Find how many lines in the data below include the word "align", then write only that number.

* _Records drawn from a dataset_:
-----

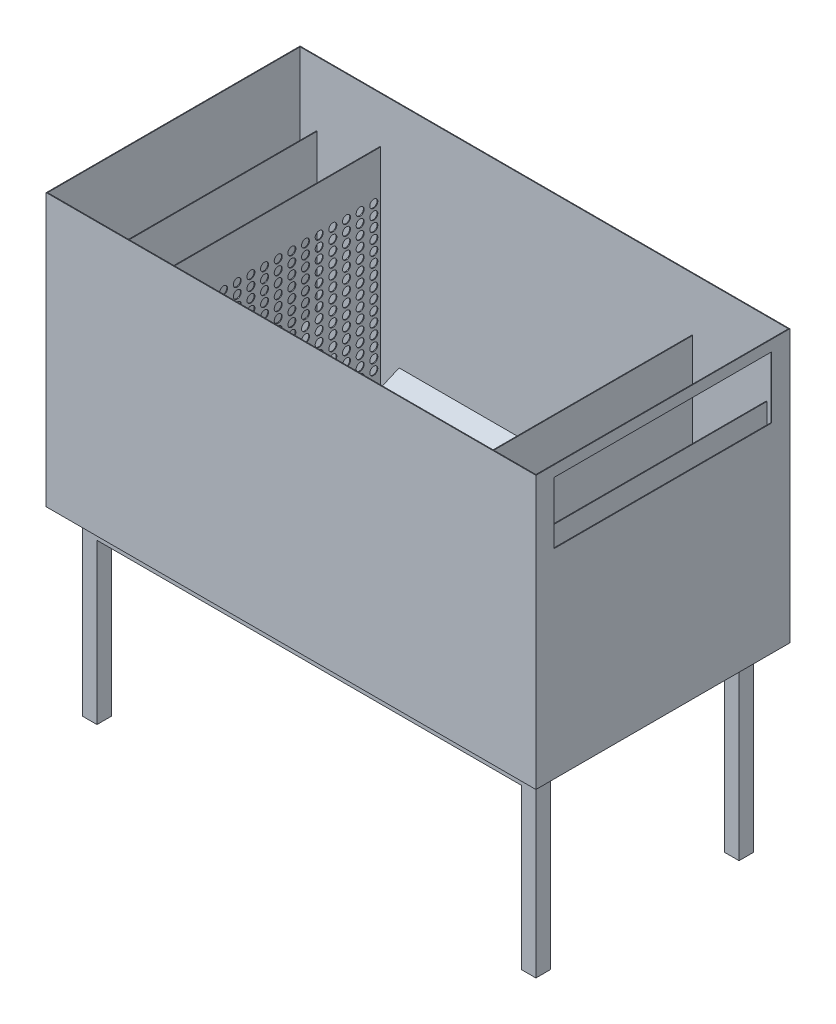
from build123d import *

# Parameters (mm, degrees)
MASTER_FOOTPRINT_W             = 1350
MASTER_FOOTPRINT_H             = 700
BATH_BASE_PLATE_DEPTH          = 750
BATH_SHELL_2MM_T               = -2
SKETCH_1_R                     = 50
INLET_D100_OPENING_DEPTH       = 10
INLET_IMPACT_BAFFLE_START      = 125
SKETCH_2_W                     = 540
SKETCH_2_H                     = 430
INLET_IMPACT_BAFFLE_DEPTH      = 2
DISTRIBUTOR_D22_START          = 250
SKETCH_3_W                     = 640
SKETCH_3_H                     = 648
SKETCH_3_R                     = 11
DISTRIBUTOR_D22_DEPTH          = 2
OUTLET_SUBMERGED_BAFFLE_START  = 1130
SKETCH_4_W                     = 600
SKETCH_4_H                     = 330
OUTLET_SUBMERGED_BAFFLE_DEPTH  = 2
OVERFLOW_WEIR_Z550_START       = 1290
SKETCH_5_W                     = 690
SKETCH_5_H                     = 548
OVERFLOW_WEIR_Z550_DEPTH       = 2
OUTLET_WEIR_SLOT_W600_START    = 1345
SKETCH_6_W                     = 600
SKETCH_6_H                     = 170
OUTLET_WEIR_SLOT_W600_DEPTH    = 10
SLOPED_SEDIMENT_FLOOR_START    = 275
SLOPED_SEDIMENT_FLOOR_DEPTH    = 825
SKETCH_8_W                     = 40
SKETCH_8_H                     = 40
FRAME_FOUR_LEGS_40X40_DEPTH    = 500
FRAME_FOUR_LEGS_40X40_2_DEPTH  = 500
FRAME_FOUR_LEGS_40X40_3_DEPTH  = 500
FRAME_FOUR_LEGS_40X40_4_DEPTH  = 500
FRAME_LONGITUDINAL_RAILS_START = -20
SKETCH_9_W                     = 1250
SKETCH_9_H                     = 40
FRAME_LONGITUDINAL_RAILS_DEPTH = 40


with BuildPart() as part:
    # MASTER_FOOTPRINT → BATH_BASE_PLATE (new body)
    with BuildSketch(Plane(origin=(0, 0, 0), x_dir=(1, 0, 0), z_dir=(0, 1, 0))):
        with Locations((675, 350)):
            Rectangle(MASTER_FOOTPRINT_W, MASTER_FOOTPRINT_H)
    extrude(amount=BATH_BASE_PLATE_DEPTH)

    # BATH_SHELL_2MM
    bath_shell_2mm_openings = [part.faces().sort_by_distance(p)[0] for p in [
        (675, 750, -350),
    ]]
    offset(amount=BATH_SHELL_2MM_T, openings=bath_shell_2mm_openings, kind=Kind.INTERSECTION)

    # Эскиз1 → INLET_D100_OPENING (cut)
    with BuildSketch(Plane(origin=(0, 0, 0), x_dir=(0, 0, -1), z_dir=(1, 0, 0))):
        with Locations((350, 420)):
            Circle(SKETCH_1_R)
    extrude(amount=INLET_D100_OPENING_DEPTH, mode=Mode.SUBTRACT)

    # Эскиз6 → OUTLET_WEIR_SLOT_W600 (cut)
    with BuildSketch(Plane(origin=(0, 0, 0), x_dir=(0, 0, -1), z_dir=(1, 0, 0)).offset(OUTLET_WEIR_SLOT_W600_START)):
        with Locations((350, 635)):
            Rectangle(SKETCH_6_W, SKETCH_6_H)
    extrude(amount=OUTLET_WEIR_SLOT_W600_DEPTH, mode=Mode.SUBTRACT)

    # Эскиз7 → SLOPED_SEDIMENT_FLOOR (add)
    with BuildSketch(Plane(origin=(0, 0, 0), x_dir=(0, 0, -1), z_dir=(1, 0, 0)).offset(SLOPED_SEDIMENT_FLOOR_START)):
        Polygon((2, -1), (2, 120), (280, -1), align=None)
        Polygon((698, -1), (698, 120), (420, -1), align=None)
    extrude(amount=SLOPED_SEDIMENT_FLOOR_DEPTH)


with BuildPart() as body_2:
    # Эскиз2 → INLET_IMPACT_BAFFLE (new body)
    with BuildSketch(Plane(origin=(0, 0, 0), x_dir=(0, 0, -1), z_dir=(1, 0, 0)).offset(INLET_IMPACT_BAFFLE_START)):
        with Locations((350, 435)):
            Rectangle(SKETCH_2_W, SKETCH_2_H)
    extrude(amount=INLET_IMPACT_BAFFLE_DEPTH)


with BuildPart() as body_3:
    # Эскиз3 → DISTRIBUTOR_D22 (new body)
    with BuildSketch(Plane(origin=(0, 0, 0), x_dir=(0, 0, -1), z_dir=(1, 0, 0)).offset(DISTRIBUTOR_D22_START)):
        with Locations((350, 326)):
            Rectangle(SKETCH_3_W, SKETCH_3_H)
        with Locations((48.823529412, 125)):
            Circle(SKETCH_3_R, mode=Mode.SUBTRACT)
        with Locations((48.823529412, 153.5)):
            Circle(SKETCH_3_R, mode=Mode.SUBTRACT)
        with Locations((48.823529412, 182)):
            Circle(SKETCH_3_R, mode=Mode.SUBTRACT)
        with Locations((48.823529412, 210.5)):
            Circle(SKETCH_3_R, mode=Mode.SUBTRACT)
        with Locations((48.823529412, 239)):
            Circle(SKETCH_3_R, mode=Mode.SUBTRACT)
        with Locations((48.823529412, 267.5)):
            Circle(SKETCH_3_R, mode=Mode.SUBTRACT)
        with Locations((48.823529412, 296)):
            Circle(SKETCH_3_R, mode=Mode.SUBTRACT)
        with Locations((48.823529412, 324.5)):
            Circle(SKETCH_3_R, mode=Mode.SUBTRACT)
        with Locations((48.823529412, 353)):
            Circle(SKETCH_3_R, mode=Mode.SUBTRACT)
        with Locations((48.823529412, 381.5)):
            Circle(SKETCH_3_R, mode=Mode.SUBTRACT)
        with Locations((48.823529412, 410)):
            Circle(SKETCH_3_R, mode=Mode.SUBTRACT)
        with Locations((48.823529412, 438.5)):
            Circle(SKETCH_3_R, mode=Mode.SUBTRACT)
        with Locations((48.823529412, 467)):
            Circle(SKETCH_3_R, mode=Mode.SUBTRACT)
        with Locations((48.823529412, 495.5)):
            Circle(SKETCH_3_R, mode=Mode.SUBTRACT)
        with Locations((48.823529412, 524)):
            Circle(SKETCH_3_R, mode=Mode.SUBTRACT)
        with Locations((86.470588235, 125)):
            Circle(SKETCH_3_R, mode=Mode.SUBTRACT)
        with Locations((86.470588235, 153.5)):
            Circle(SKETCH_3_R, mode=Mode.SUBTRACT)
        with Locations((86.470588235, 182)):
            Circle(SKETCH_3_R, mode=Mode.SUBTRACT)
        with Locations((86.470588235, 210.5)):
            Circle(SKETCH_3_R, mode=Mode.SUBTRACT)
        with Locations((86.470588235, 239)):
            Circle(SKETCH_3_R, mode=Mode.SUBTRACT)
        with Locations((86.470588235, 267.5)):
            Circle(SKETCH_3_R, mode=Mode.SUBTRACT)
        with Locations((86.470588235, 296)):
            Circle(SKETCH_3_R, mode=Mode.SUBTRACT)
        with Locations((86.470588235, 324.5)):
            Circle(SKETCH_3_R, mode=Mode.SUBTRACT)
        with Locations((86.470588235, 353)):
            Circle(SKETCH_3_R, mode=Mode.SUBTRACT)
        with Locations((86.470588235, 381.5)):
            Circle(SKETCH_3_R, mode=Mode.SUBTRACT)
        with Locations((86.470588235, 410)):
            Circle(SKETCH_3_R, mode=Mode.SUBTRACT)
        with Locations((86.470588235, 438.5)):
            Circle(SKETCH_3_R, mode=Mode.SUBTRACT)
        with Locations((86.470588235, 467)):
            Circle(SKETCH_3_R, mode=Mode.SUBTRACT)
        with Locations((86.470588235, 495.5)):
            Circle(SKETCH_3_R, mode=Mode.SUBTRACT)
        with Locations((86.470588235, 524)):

-----

* _Result_:
2